## Activity
Lower down are entries containing pictures. Copy exactly, without those pictures, the lines from the line with "[picture b1top: board" through the line with "1,D1,Littelfuse,SMBJ12CA,SMB (DO-214AA),SMD".

## Records excerpted from a collection

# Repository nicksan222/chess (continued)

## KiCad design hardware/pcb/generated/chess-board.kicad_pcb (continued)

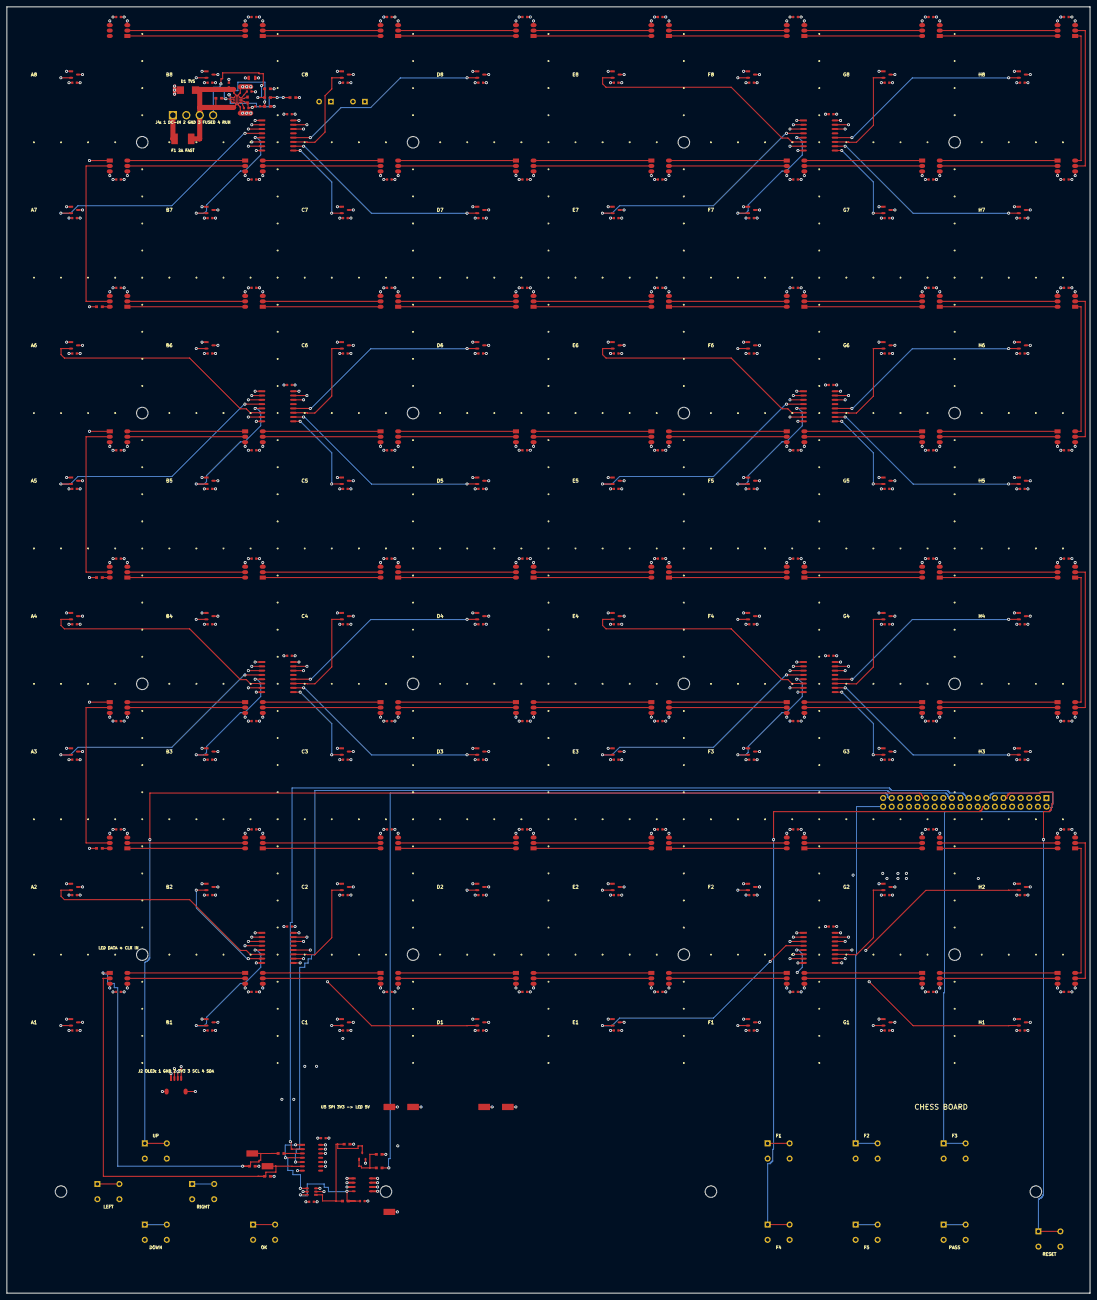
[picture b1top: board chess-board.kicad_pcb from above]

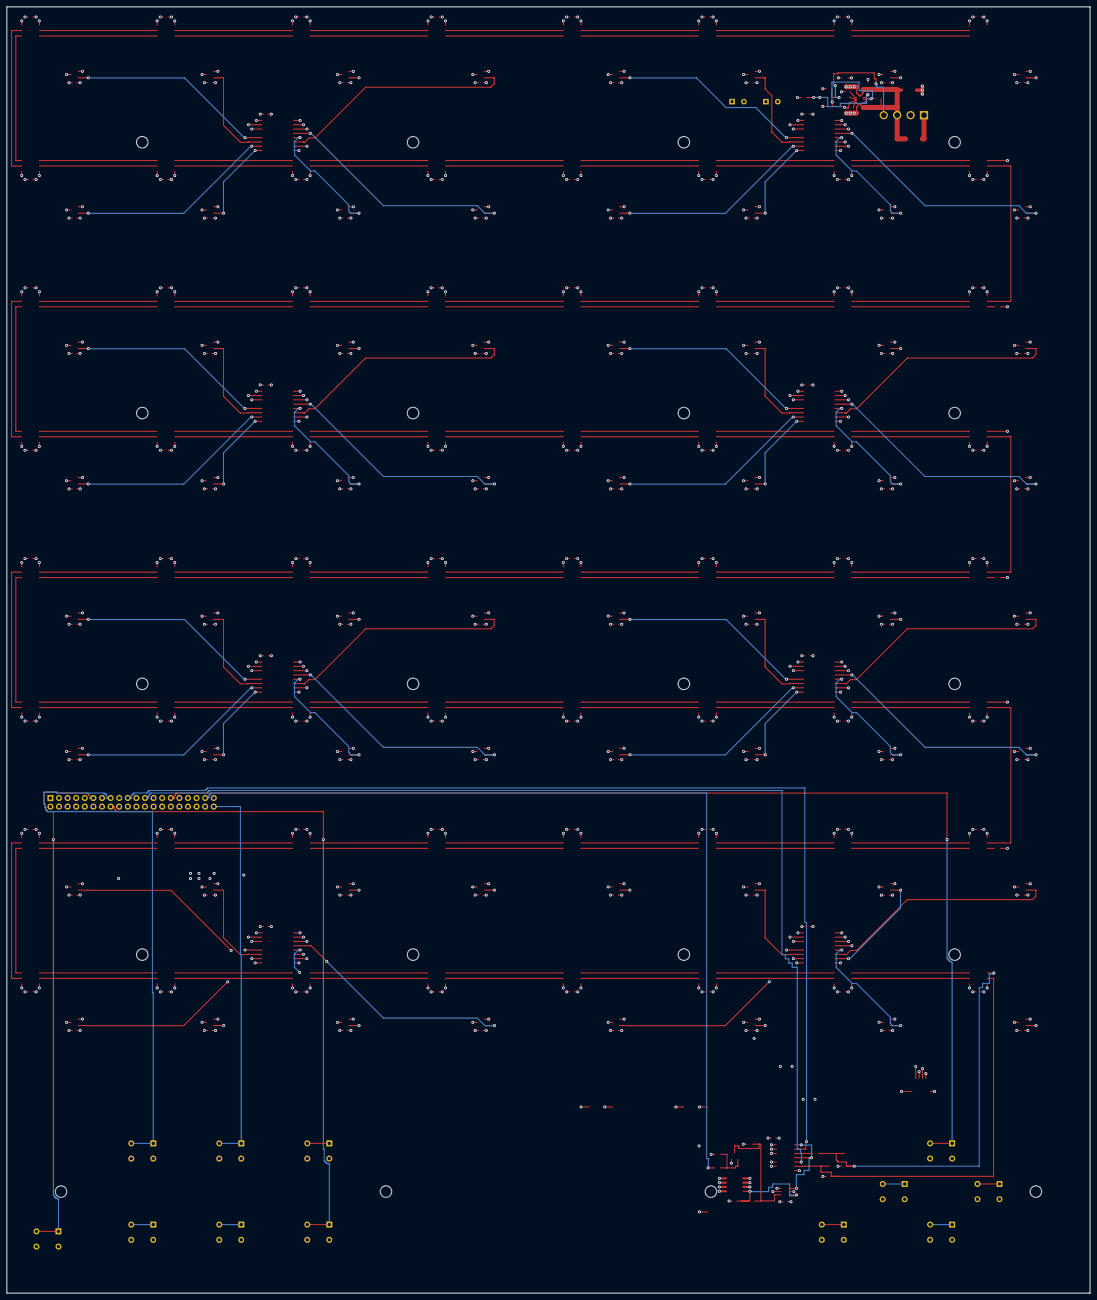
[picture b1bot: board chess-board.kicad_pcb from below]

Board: 8 copper layers, 320.0 x 380.0 mm, 347 parts (4 on the bottom side), 229 nets.

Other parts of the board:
H1, H2, H3, H4, H5, H6, H7, H8, H9, H10, H11, H12, H13, H14, H15, H16, H17, H18, H19, H20: Mounting hole

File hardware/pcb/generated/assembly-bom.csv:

Quantity,Designators,Manufacturer,Manufacturer Part Number,Package,Type
12,"SW1, SW10, SW11, SW12, SW2, SW3, SW4, SW5, SW6, SW7, SW8, SW9",E-Switch,TL1105CF100Q,6x6 mm THT,Through-hole
7,"TP1, TP2, TP3, TP4, TP5, TP6, TP7",Harwin,S1751-46R,SMD test point,SMD
1,J4,JST,B4PS-VH,VH 4P side entry THT,Through-hole
1,J2,JST,SM04B-SRSS-TB,SH 4P side entry SMD,SMD
1,F1,Littelfuse,0453002.MR,2410 fuse,SMD
1,D1,Littelfuse,SMBJ12CA,SMB (DO-214AA),SMD
64,"U10, U11, U12, U13, U14, U15, U16, U17, U18, U19, U20, U21, U22, U23, U24, U25, U26, U27, U28, U29, U30, U31, U32, U33, U34, U35, U36, U37, U38, U39, U40, U41, U42, U43, U44, U45, U46, U47, U48, U49, U50, U51, U52, U53, U54, U55, U56, U57, U58, U59, U6, U60, U61, U62, U63, U64, U65, U66, U67, U68, U69, U7, U8, U9",Opsco Optoelectronics,SK9822-A,PLCC-6 5050,SMD
2,"C1, C140",Rubycon,10ZLJ560M8X11.5,radial 8 mm,Through-hole
1,J1,Sullins Connector Solutions,PPPC202LFBN-RC,2x20 2.54 mm THT,Through-hole
64,"HS1, HS10, HS11, HS12, HS13, HS14, HS15, HS16, HS17, HS18, HS19, HS2, HS20, HS21, HS22, HS23, HS24, HS25, HS26, HS27, HS28, HS29, HS3, HS30, HS31, HS32, HS33, HS34, HS35, HS36, HS37, HS38, HS39, HS4, HS40, HS41, HS42, HS43, HS44, HS45, HS46, HS47, HS48, HS49, HS5, HS50, HS51, HS52, HS53, HS54, HS55, HS56, HS57, HS58, HS59, HS6, HS60, HS61, HS62, HS63, HS64, HS7, HS8, HS9",Texas Instruments,DRV5032FCDBZR,SOT-23-3,SMD
1,U5,Texas Instruments,SN74AHCT125DR,SOIC-14 1.27 mm,SMD
1,U75,Texas Instruments,SN74LVC1G97DBVR,SOT-23-6 (DBV),SMD
8,"U1, U2, U3, U4, U70, U71, U72, U73",Texas Instruments,TCA9554DWR,SOIC-16W 1.27 mm,SMD
1,U74,Texas Instruments,TPS259474ARPWR,VQFN-HR-10 RPW 2x2 mm,SMD
1,Q1,Vishay Siliconix,Si4403DDY-T1-GE3,SO-8 1.27 mm,SMD
1,C141,Yageo,CC0603KRX7R8BB105,0603 (1608 metric),SMD
1,C143,Yageo,CC0603KRX7R9BB102,0603 (1608 metric),SMD
3,"C142, C144, C145",Yageo,CC0603KRX7R9BB103,0603 (1608 metric),SMD
138,"C10, C100, C101, C102, C103, C104, C105, C106, C107, C108, C109, C11, C110, C111, C112, C113, C114, C115, C116, C117, C118, C119, C12, C120, C121, C122, C123, C124, C125, C126, C127, C128, C129, C13, C130, C131, C132, C133, C134, C135, C136, C137, C138, C139, C14, C146, C15, C16, C17, C18, C19, C20, C21, C22, C23, C24, C25, C26, C27, C28, C29, C3, C30, C31, C32, C33, C34, C35, C36, C37, C38, C39, C4, C40, C41, C42, C43, C44, C45, C46, C47, C48, C49, C5, C50, C51, C52, C53, C54, C55, C56, C57, C58, C59, C6, C60, C61, C62, C63, C64, C65, C66, C67, C68, C69, C7, C70, C71, C72, C73, C74, C75, C76, C77, C78, C79, C8, C80, C81, C82, C83, C84, C85, C86, C87, C88, C89, C9, C90, C91, C92, C93, C94, C95, C96, C97, C98, C99",Yageo,CC0603KRX7R9BB104,0603 (1608 metric),SMD
1,C2,Yageo,CC0805KKX5R6BB106,0805 (2012 metric),SMD
2,"R14, R16",Yageo,RC0603FR-07100KL,0603 (1608 metric),SMD
3,"R15, R17, R18",Yageo,RC0603FR-0710KL,0603 (1608 metric),SMD
1,R3,Yageo,RC0603FR-071K65L,0603 (1608 metric),SMD
2,"R13, R8",Yageo,RC0603FR-071KL,0603 (1608 metric),SMD
1,R7,Yageo,RC0603FR-07261KL,0603 (1608 metric),SMD
4,"R10, R11, R12, R9",Yageo,RC0603FR-0756RL,0603 (1608 metric),SMD
1,R5,Yageo,RT0603BRD07169KL,0603 (1608 metric),SMD
2,"R4, R6",Yageo,RT0603BRD07604KL,0603 (1608 metric),SMD
1,Q2,onsemi,BSS138LT1G,SOT-23 (TO-236),SMD

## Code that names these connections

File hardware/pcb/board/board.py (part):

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HOST_HEADER_CONNECTIONS: dict[RaspberryPiHeaderPin, BoardNet] = {
    RaspberryPiHeaderPin.THREE_VOLTS_THREE: BoardNet.THREE_VOLTS_THREE,
    RaspberryPiHeaderPin.FIVE_VOLTS: BoardNet.FIVE_VOLTS,
    RaspberryPiHeaderPin.I2C_SDA: BoardNet.I2C_SDA,
    RaspberryPiHeaderPin.FIVE_VOLTS_ALT: BoardNet.FIVE_VOLTS,
    RaspberryPiHeaderPin.I2C_SCL: BoardNet.I2C_SCL,
    RaspberryPiHeaderPin.GROUND_6: BoardNet.GROUND,
    RaspberryPiHeaderPin.GROUND_9: BoardNet.GROUND,
    RaspberryPiHeaderPin.BUTTON_RESET_GPIO17: BoardNet.BTN_RESET,
    RaspberryPiHeaderPin.GROUND_14: BoardNet.GROUND,
    RaspberryPiHeaderPin.BUTTON_F3_GPIO22: BoardNet.BTN_F3,
    RaspberryPiHeaderPin.BUTTON_F4_GPIO23: BoardNet.BTN_F4,
    RaspberryPiHeaderPin.THREE_VOLTS_THREE_ALT: BoardNet.THREE_VOLTS_THREE,
    RaspberryPiHeaderPin.BUTTON_F5_GPIO24: BoardNet.BTN_F5,
    RaspberryPiHeaderPin.SPI_DATA_GPIO10: BoardNet.SPI_DATA_3V3,
    RaspberryPiHeaderPin.GROUND_20: BoardNet.GROUND,
    RaspberryPiHeaderPin.SPI_CLOCK_GPIO11: BoardNet.SPI_CLK_3V3,
    RaspberryPiHeaderPin.GROUND_25: BoardNet.GROUND,
    RaspberryPiHeaderPin.BUTTON_UP_GPIO5: BoardNet.BTN_UP,
    RaspberryPiHeaderPin.GROUND_30: BoardNet.GROUND,
    RaspberryPiHeaderPin.BUTTON_DOWN_GPIO6: BoardNet.BTN_DOWN,
    RaspberryPiHeaderPin.BUTTON_LEFT_GPIO12: BoardNet.BTN_LEFT,
    RaspberryPiHeaderPin.BUTTON_RIGHT_GPIO13: BoardNet.BTN_RIGHT,
    RaspberryPiHeaderPin.GROUND_34: BoardNet.GROUND,
    RaspberryPiHeaderPin.BUTTON_PASS_GPIO19: BoardNet.BTN_PASS,
    RaspberryPiHeaderPin.BUTTON_OK_GPIO16: BoardNet.BTN_OK,
    RaspberryPiHeaderPin.LED_EN_GPIO26: BoardNet.LED_EN,
    RaspberryPiHeaderPin.BUTTON_F1_GPIO20: BoardNet.BTN_F1,
    RaspberryPiHeaderPin.GROUND_39: BoardNet.GROUND,
    RaspberryPiHeaderPin.BUTTON_F2_GPIO21: BoardNet.BTN_F2,
}


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) -> BoardLayout[BoardNet]:
    labels = [
        Label("CHESS BOARD", _layout_point(116, -165), 1.5),
        Label("J4: 1 DC-IN 2 GND 3 FUSED 4 RUN", _layout_point(-105, 125.9), 0.8),
        Label("U5 SPI 3V3 -> LED 5V", _layout_point(-60, -165), 0.8),
        Label("LED DATA + CLK IN", _layout_point(-127, -118), 0.8),
    ]

## Response to this task
[picture b1top: board chess-board.kicad_pcb from above]

[picture b1bot: board chess-board.kicad_pcb from below]

Board: 8 copper layers, 320.0 x 380.0 mm, 347 parts (4 on the bottom side), 229 nets.

Other parts of the board:
H1, H2, H3, H4, H5, H6, H7, H8, H9, H10, H11, H12, H13, H14, H15, H16, H17, H18, H19, H20: Mounting hole

File hardware/pcb/generated/assembly-bom.csv:

Quantity,Designators,Manufacturer,Manufacturer Part Number,Package,Type
12,"SW1, SW10, SW11, SW12, SW2, SW3, SW4, SW5, SW6, SW7, SW8, SW9",E-Switch,TL1105CF100Q,6x6 mm THT,Through-hole
7,"TP1, TP2, TP3, TP4, TP5, TP6, TP7",Harwin,S1751-46R,SMD test point,SMD
1,J4,JST,B4PS-VH,VH 4P side entry THT,Through-hole
1,J2,JST,SM04B-SRSS-TB,SH 4P side entry SMD,SMD
1,F1,Littelfuse,0453002.MR,2410 fuse,SMD
1,D1,Littelfuse,SMBJ12CA,SMB (DO-214AA),SMD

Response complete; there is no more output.